Go through the listing below. Copy each line that has the string "window".

• PROVIDED INFORMATION:
::::::::
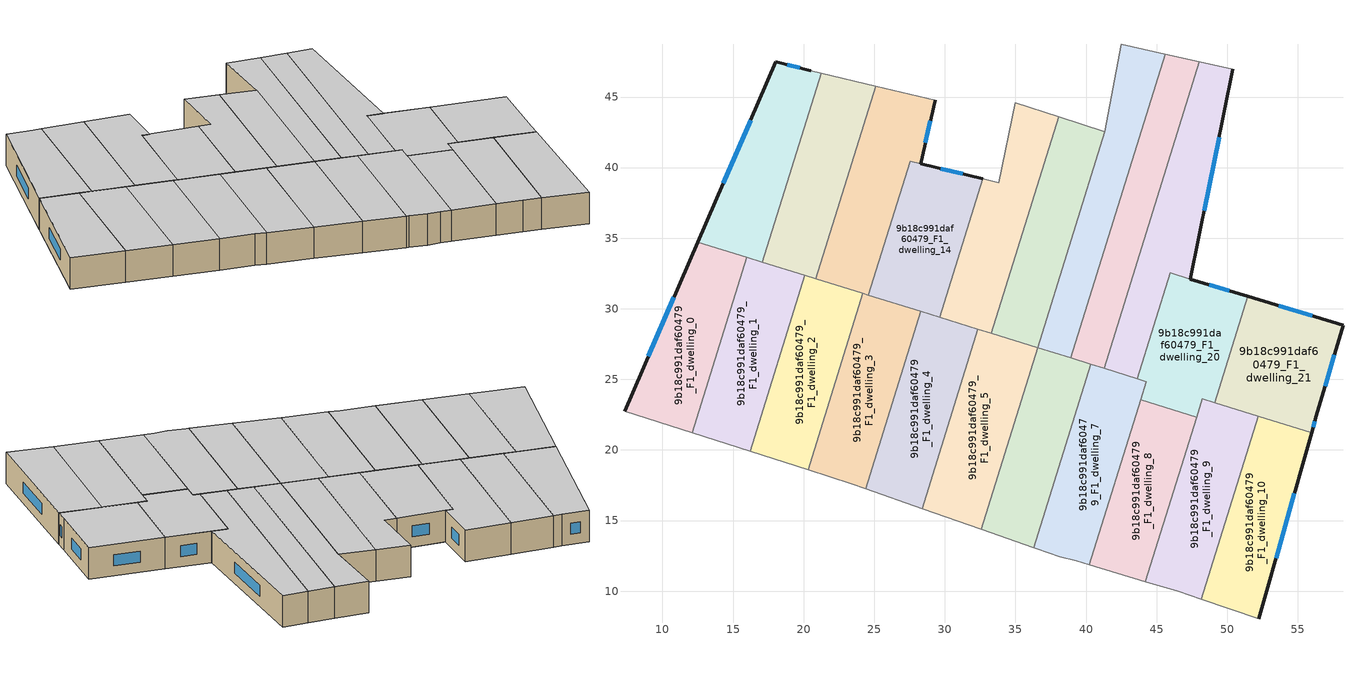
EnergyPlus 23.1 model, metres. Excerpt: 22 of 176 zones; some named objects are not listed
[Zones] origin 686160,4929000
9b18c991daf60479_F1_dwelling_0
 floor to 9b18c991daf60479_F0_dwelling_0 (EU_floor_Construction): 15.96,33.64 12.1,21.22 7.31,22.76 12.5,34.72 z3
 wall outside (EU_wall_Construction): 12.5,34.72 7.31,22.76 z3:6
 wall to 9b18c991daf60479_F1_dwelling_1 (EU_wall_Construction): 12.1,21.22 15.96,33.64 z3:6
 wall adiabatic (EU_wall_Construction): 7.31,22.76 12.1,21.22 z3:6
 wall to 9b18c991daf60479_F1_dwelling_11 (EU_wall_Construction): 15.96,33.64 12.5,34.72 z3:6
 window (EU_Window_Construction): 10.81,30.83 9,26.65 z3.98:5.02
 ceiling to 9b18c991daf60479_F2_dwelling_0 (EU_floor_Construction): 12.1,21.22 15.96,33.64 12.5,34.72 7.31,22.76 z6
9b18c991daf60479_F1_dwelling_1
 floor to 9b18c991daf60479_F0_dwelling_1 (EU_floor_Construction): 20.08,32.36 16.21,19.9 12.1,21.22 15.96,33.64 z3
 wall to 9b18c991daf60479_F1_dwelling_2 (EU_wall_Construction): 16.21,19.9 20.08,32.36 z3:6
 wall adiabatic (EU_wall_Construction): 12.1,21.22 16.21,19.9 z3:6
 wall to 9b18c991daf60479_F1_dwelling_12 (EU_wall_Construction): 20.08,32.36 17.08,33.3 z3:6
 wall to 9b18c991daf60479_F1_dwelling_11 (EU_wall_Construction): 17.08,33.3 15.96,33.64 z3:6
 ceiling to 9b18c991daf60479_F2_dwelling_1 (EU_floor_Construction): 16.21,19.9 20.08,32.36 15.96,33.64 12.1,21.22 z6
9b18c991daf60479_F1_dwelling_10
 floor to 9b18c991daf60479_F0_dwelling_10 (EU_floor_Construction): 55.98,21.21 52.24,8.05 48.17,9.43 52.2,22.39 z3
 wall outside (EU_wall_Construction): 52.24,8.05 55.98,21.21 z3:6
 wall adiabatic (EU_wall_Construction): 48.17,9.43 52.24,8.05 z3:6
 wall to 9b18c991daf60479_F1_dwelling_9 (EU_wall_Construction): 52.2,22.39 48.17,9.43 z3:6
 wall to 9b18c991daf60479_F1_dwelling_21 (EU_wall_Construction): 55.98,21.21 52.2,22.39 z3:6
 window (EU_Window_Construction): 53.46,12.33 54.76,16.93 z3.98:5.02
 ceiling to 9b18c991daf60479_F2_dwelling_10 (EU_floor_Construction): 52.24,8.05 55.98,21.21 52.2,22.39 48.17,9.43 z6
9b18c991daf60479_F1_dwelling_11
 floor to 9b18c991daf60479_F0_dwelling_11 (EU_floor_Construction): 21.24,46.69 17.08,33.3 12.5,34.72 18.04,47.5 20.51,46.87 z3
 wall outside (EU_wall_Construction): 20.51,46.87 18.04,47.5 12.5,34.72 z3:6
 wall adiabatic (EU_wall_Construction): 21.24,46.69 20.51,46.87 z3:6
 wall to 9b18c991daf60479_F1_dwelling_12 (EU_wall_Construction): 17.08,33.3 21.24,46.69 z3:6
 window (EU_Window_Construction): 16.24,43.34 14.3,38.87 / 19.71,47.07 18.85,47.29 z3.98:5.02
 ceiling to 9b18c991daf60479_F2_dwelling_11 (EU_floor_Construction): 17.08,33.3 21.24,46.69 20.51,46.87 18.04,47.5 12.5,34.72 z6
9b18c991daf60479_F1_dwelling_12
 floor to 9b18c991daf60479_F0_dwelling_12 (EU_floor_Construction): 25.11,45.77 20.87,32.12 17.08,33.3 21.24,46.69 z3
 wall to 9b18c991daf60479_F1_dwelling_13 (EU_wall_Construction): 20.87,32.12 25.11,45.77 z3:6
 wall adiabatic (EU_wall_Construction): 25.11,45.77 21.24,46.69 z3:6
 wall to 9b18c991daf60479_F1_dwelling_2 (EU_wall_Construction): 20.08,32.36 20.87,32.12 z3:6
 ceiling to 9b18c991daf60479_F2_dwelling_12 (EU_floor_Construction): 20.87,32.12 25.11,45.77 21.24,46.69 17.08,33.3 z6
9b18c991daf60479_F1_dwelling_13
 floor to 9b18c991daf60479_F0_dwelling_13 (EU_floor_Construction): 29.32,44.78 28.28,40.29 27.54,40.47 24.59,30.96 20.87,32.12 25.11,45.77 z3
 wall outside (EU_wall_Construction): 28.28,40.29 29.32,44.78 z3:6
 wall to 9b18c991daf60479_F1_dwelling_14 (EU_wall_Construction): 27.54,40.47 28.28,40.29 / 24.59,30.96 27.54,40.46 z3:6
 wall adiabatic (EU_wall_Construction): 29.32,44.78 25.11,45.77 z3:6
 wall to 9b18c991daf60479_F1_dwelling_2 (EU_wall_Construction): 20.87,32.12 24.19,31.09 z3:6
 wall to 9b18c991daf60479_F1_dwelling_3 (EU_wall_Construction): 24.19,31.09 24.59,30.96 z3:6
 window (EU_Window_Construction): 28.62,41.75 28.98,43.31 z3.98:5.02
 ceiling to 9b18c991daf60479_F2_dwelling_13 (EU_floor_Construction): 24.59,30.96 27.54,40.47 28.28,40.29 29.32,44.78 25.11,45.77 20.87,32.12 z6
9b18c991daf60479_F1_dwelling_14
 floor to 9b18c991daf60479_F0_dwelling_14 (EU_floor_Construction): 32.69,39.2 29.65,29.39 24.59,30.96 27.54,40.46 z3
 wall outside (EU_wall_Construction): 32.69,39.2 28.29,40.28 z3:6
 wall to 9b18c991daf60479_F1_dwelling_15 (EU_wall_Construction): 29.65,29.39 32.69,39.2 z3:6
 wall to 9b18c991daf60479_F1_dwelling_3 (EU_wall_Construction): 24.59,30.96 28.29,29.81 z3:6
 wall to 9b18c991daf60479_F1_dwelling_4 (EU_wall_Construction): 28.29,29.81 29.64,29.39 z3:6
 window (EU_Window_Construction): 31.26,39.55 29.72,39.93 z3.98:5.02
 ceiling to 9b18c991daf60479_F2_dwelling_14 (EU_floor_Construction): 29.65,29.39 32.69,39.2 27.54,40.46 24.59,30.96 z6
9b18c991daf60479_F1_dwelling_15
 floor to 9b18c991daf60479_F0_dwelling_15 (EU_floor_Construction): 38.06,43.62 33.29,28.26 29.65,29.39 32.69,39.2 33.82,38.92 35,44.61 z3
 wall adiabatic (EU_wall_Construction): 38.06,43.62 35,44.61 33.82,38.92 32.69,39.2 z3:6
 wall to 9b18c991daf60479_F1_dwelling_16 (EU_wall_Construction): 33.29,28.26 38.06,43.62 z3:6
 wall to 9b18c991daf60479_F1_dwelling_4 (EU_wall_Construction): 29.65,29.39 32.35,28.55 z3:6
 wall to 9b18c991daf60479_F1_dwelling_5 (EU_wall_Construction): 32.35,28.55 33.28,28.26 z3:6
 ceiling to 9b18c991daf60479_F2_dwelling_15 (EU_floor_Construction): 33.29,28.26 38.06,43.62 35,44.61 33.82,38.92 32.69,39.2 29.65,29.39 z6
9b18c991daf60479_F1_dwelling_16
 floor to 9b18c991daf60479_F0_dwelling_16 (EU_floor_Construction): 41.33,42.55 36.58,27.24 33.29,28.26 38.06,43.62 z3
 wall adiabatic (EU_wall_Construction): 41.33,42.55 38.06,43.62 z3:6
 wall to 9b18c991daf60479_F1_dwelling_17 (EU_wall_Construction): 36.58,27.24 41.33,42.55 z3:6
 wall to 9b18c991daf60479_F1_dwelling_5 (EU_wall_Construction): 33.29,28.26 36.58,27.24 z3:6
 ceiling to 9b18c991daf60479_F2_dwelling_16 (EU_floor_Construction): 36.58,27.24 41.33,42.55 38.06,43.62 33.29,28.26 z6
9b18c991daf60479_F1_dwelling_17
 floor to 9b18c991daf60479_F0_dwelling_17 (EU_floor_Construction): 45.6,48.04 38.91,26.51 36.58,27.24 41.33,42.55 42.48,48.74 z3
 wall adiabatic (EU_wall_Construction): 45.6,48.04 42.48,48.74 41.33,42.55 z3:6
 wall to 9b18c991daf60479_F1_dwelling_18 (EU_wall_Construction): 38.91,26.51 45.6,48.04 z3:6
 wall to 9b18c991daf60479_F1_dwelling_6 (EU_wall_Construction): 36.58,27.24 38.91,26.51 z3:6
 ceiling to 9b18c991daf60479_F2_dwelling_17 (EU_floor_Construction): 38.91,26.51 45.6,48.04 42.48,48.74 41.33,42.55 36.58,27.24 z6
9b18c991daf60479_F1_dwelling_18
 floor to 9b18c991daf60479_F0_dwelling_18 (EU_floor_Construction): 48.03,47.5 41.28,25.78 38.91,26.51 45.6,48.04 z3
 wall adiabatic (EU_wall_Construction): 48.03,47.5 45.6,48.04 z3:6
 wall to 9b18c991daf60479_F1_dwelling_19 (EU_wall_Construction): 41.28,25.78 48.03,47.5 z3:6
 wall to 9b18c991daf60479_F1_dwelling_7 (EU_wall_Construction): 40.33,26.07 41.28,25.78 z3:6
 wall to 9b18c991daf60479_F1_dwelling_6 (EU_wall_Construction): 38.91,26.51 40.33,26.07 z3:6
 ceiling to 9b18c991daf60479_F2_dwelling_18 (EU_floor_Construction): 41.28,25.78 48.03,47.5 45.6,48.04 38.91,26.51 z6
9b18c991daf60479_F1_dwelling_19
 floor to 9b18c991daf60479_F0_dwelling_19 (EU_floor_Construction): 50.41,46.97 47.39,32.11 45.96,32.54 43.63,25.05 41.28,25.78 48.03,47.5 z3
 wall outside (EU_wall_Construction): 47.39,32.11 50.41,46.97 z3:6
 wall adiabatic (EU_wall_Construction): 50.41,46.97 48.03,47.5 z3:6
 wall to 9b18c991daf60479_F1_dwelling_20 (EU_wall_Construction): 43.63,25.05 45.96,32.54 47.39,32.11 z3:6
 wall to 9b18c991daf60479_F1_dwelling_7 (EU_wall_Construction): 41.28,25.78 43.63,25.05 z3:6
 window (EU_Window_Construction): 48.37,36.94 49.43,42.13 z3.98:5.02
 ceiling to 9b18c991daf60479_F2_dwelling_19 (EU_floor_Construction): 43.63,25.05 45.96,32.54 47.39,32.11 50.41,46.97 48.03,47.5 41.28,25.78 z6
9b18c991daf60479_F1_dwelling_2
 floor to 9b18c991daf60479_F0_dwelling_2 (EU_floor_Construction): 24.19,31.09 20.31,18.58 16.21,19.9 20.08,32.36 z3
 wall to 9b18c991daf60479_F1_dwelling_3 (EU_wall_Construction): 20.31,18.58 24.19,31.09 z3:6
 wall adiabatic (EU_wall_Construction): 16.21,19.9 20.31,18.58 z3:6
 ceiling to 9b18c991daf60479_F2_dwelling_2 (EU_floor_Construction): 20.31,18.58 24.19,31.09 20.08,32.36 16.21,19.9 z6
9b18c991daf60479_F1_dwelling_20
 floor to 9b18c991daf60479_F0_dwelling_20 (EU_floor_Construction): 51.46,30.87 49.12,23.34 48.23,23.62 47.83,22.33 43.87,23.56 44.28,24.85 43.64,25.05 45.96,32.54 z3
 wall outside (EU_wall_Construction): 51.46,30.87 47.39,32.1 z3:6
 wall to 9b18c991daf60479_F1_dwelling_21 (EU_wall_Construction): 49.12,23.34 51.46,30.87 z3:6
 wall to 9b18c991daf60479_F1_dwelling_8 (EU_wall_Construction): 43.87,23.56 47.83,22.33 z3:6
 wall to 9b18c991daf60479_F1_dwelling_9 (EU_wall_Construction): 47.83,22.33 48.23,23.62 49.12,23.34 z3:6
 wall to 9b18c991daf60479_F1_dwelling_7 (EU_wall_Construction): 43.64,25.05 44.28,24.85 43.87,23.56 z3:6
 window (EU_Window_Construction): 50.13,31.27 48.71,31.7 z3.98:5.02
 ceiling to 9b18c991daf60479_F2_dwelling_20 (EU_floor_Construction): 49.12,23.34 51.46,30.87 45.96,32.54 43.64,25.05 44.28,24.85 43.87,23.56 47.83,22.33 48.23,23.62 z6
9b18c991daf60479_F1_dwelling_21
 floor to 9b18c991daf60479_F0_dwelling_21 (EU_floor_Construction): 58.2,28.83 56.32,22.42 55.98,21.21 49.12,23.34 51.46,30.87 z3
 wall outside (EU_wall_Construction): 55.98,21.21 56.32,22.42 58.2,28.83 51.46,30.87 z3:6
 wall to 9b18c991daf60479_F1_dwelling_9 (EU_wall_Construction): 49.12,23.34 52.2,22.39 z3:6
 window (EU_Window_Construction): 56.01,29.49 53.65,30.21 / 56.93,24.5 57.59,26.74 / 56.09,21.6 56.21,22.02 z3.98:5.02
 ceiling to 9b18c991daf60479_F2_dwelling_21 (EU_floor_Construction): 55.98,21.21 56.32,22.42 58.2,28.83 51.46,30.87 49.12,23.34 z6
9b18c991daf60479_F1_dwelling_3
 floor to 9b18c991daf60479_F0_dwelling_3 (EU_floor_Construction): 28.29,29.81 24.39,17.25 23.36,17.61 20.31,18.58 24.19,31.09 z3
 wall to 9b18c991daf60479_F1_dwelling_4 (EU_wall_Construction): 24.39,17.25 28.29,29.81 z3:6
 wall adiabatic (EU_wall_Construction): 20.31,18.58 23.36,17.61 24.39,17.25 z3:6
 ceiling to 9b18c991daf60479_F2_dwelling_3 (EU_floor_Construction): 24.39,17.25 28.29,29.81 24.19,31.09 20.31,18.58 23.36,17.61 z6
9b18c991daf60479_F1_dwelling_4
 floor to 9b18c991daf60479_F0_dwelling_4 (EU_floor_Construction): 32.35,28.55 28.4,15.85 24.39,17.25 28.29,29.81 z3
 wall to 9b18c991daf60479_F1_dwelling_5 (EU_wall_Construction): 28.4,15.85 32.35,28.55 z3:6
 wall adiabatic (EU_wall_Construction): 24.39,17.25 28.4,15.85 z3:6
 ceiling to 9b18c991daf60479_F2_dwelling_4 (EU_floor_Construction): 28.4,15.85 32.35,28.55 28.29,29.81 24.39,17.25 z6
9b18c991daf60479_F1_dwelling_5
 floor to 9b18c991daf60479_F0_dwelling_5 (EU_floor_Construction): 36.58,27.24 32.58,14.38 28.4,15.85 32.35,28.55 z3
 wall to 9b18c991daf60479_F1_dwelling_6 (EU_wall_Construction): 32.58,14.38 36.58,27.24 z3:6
::::::::
• WRITTEN RESPONSE:
 window (EU_Window_Construction): 10.81,30.83 9,26.65 z3.98:5.02
 window (EU_Window_Construction): 53.46,12.33 54.76,16.93 z3.98:5.02
 window (EU_Window_Construction): 16.24,43.34 14.3,38.87 / 19.71,47.07 18.85,47.29 z3.98:5.02
 window (EU_Window_Construction): 28.62,41.75 28.98,43.31 z3.98:5.02
 window (EU_Window_Construction): 31.26,39.55 29.72,39.93 z3.98:5.02
 window (EU_Window_Construction): 48.37,36.94 49.43,42.13 z3.98:5.02
 window (EU_Window_Construction): 50.13,31.27 48.71,31.7 z3.98:5.02
 window (EU_Window_Construction): 56.01,29.49 53.65,30.21 / 56.93,24.5 57.59,26.74 / 56.09,21.6 56.21,22.02 z3.98:5.02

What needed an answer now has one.